瑾韧很快找到工作,但还是住在梓亚家。他白天时去打工,梓亚则是晚上要工作,所以他们不常碰到面。梓亚会在白天做好食物
放着,瑾韧回来时通常有东西可以热来吃。
然而这个礼拜,一连两天,瑾韧回来都没有看到准备好的饭。
他有点奇怪,不过想对方也不可能餐餐都替自己准备,去梓亚房间没看到人,他也不以为意。
第二天瑾韧不用打工,赖了床起来,屋里还是静静的。
他下意识地走到梓亚的房间,房内还是没有人,他前前后后找了一遍,这才觉得有点不对。
难道说他已经几天没回来了?
不知道对方怎么了,瑾韧有点担心起来。
换了衣服,凭着记忆,找到梓亚工作的那家酒吧,酒吧还没开始营业,但瑾韧还是推门走了进去。

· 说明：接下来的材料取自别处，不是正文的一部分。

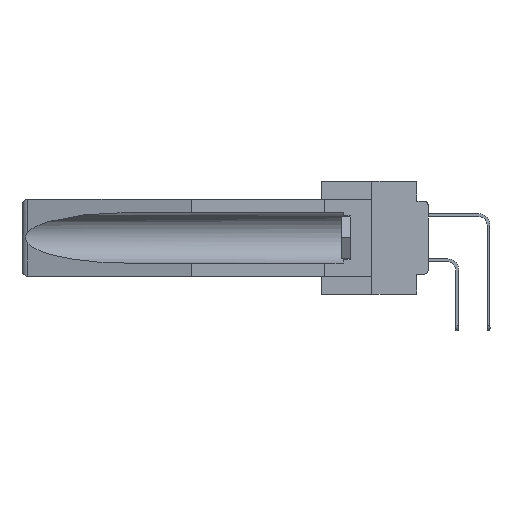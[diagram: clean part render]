
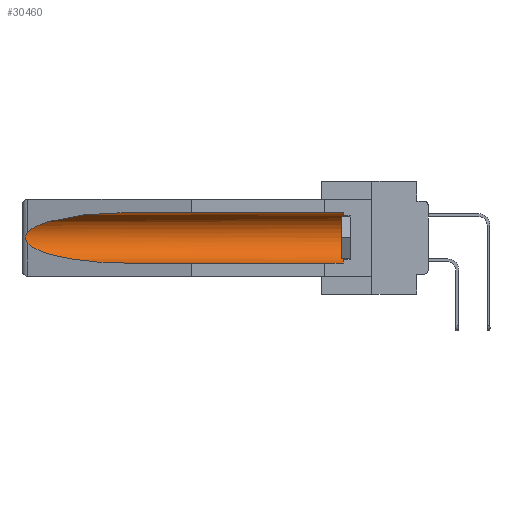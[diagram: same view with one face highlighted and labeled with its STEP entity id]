
A CAD part, left-side view. The second image highlights one B-rep face of the part: STEP entity #30460.
In plain terms, the highlighted cylindrical face has radius 2.857 mm (diameter 5.715 mm), a partial arc.
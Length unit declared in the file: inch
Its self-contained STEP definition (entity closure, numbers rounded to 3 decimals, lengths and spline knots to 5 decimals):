
#337 = AXIS2_PLACEMENT_3D ( 'NONE', #16623, #6341, #31613 ) ;
#338 = DIRECTION ( 'NONE',  ( 0., 1., 0. ) ) ;
#352 = ORIENTED_EDGE ( 'NONE', *, *, #28825, .T. ) ;
#622 = CARTESIAN_POINT ( 'NONE',  ( 0.21114, 1.30732, -0.059 ) ) ;
#973 = VECTOR ( 'NONE', #27267, 39.37008 ) ;
#1393 = LINE ( 'NONE', #1722, #20139 ) ;
#1722 = CARTESIAN_POINT ( 'NONE',  ( 0.155, -0.30754, -0.059 ) ) ;
#2129 = CARTESIAN_POINT ( 'NONE',  ( 0.26537, 1.52718, -0.19328 ) ) ;
#2221 = CARTESIAN_POINT ( 'NONE',  ( 0.2673, 1.53269, -0.17917 ) ) ;
#2597 = VERTEX_POINT ( 'NONE', #32216 ) ;
#2967 = ORIENTED_EDGE ( 'NONE', *, *, #10011, .F. ) ;
#3800 = ORIENTED_EDGE ( 'NONE', *, *, #12341, .T. ) ;
#4381 = DIRECTION ( 'NONE',  ( 0., 1., 0. ) ) ;
#4557 = CARTESIAN_POINT ( 'NONE',  ( 0.2675, 1.53308, -0.17534 ) ) ;
#5964 = VERTEX_POINT ( 'NONE', #24353 ) ;
#6341 = DIRECTION ( 'NONE',  ( 0., -1., 0. ) ) ;
#6948 = ORIENTED_EDGE ( 'NONE', *, *, #19280, .T. ) ;
#7001 = CARTESIAN_POINT ( 'NONE',  ( 0.155, -0.30754, -0.284 ) ) ;
#8671 = CARTESIAN_POINT ( 'NONE',  ( 0.155, 1.07973, -0.284 ) ) ;
#10011 = EDGE_CURVE ( 'NONE', #18716, #20259, #24606, .T. ) ;
#10273 = ORIENTED_EDGE ( 'NONE', *, *, #17137, .T. ) ;
#10584 = CARTESIAN_POINT ( 'NONE',  ( 0.25451, 1.48313, -0.09465 ) ) ;
#11151 = CARTESIAN_POINT ( 'NONE',  ( 0.21114, 1.30732, -0.284 ) ) ;
#11187 = EDGE_CURVE ( 'NONE', #5964, #24985, #1393, .T. ) ;
#12341 = EDGE_CURVE ( 'NONE', #18716, #5964, #28998, .T. ) ;
#13439 = FACE_OUTER_BOUND ( 'NONE', #22015, .T. ) ;
#15001 = CARTESIAN_POINT ( 'NONE',  ( 0.26597, 1.52961, -0.15275 ) ) ;
#16623 = CARTESIAN_POINT ( 'NONE',  ( 0.155, 0.126, -0.1715 ) ) ;
#16924 =( BOUNDED_CURVE ( )  B_SPLINE_CURVE ( 3, ( #31049, #622, #10584, #18733 ),
 .UNSPECIFIED., .F., .F. ) 
 B_SPLINE_CURVE_WITH_KNOTS ( ( 4, 4 ),
 ( 4.71239, 6.08839 ),
 .UNSPECIFIED. ) 
 CURVE ( )  GEOMETRIC_REPRESENTATION_ITEM ( )  RATIONAL_B_SPLINE_CURVE ( ( 1., 0.848, 0.848, 1. ) ) 
 REPRESENTATION_ITEM ( '' )  );
#17137 = EDGE_CURVE ( 'NONE', #2597, #19555, #29712, .T. ) ;
#18236 = CARTESIAN_POINT ( 'NONE',  ( 0.155, 1.07973, -0.059 ) ) ;
#18395 =( BOUNDED_CURVE ( )  B_SPLINE_CURVE ( 3, ( #2129, #24888, #11151, #8671 ),
 .UNSPECIFIED., .F., .F. ) 
 B_SPLINE_CURVE_WITH_KNOTS ( ( 4, 4 ),
 ( 0.1948, 1.5708 ),
 .UNSPECIFIED. ) 
 CURVE ( )  GEOMETRIC_REPRESENTATION_ITEM ( )  RATIONAL_B_SPLINE_CURVE ( ( 1., 0.848, 0.848, 1. ) ) 
 REPRESENTATION_ITEM ( '' )  );
#18716 = VERTEX_POINT ( 'NONE', #31796 ) ;
#18733 = CARTESIAN_POINT ( 'NONE',  ( 0.26537, 1.52718, -0.14972 ) ) ;
#19280 = EDGE_CURVE ( 'NONE', #24985, #2597, #16924, .T. ) ;
#19555 = VERTEX_POINT ( 'NONE', #25537 ) ;
#19675 = CARTESIAN_POINT ( 'NONE',  ( 0.26655, 1.53094, -0.18657 ) ) ;
#19833 = CARTESIAN_POINT ( 'NONE',  ( 0.26537, 1.52718, -0.19328 ) ) ;
#20139 = VECTOR ( 'NONE', #4381, 39.37008 ) ;
#20259 = VERTEX_POINT ( 'NONE', #21931 ) ;
#20444 = CARTESIAN_POINT ( 'NONE',  ( 0.155, -0.30754, -0.1715 ) ) ;
#20928 = DIRECTION ( 'NONE',  ( 0., 0., 1. ) ) ;
#21931 = CARTESIAN_POINT ( 'NONE',  ( 0.155, 1.07973, -0.284 ) ) ;
#22015 = EDGE_LOOP ( 'NONE', ( #6948, #10273, #352, #2967, #3800, #22138 ) ) ;
#22138 = ORIENTED_EDGE ( 'NONE', *, *, #11187, .T. ) ;
#22163 = CARTESIAN_POINT ( 'NONE',  ( 0.26654, 1.53092, -0.15636 ) ) ;
#22489 = CARTESIAN_POINT ( 'NONE',  ( 0.26537, 1.52718, -0.14972 ) ) ;
#22936 = CYLINDRICAL_SURFACE ( 'NONE', #27788, 0.1125 ) ;
#24353 = CARTESIAN_POINT ( 'NONE',  ( 0.155, 0.126, -0.059 ) ) ;
#24606 = LINE ( 'NONE', #7001, #973 ) ;
#24888 = CARTESIAN_POINT ( 'NONE',  ( 0.25451, 1.48313, -0.24835 ) ) ;
#24985 = VERTEX_POINT ( 'NONE', #18236 ) ;
#25537 = CARTESIAN_POINT ( 'NONE',  ( 0.26537, 1.52718, -0.19328 ) ) ;
#27267 = DIRECTION ( 'NONE',  ( 0., 1., 0. ) ) ;
#27652 = CARTESIAN_POINT ( 'NONE',  ( 0.26597, 1.5296, -0.19026 ) ) ;
#27788 = AXIS2_PLACEMENT_3D ( 'NONE', #20444, #338, #20928 ) ;
#28825 = EDGE_CURVE ( 'NONE', #19555, #20259, #18395, .T. ) ;
#28998 = CIRCLE ( 'NONE', #337, 0.1125 ) ;
#29712 = B_SPLINE_CURVE_WITH_KNOTS ( 'NONE', 3,
 ( #22489, #15001, #22163, #30319, #30150, #4557, #2221, #19675, #27652, #19833 ),
 .UNSPECIFIED., .F., .F.,
 ( 4, 2, 2, 2, 4 ),
 ( 0., 0.00029, 0.00058, 0.00087, 0.00117 ),
 .UNSPECIFIED. ) ;
#30150 = CARTESIAN_POINT ( 'NONE',  ( 0.2675, 1.53308, -0.16763 ) ) ;
#30319 = CARTESIAN_POINT ( 'NONE',  ( 0.2673, 1.5327, -0.16383 ) ) ;
#30460 = ADVANCED_FACE ( 'NONE', ( #13439 ), #22936, .F. ) ;
#31049 = CARTESIAN_POINT ( 'NONE',  ( 0.155, 1.07973, -0.059 ) ) ;
#31613 = DIRECTION ( 'NONE',  ( 0., 0., 1. ) ) ;
#31796 = CARTESIAN_POINT ( 'NONE',  ( 0.155, 0.126, -0.284 ) ) ;
#32216 = CARTESIAN_POINT ( 'NONE',  ( 0.26537, 1.52718, -0.14972 ) ) ;

「这位帅哥,我们还没营业哟。」一个颇为俊秀的年轻人走过来,神情透着妖娆,慵懒的样子很迷人。
「我想找人,何梓亚,你认识他吗?」瑾韧皱着眉看他。
「梓亚?」年轻人的脸上露出一点讶异,然后上下打量他。「你是他什么人?」
「朋友,他人在哪里?」
年轻人拉着他走出酒吧,一直到没人的巷口,才看着他说:「你不知道吗?他现在在医院。」
「医院?」瑾韧皱起眉,心里掠过一些担忧。那家伙怎么会到医院去?
「几天前,他跟老板说不想做了,本来他的合约也差不多到了,但是老板要他再考虑一下,不过他态度很坚决,老板就叫他接一
个客人,说只要接了那个客人,合约就算结束。」年轻人脸上露出怜悯的神情。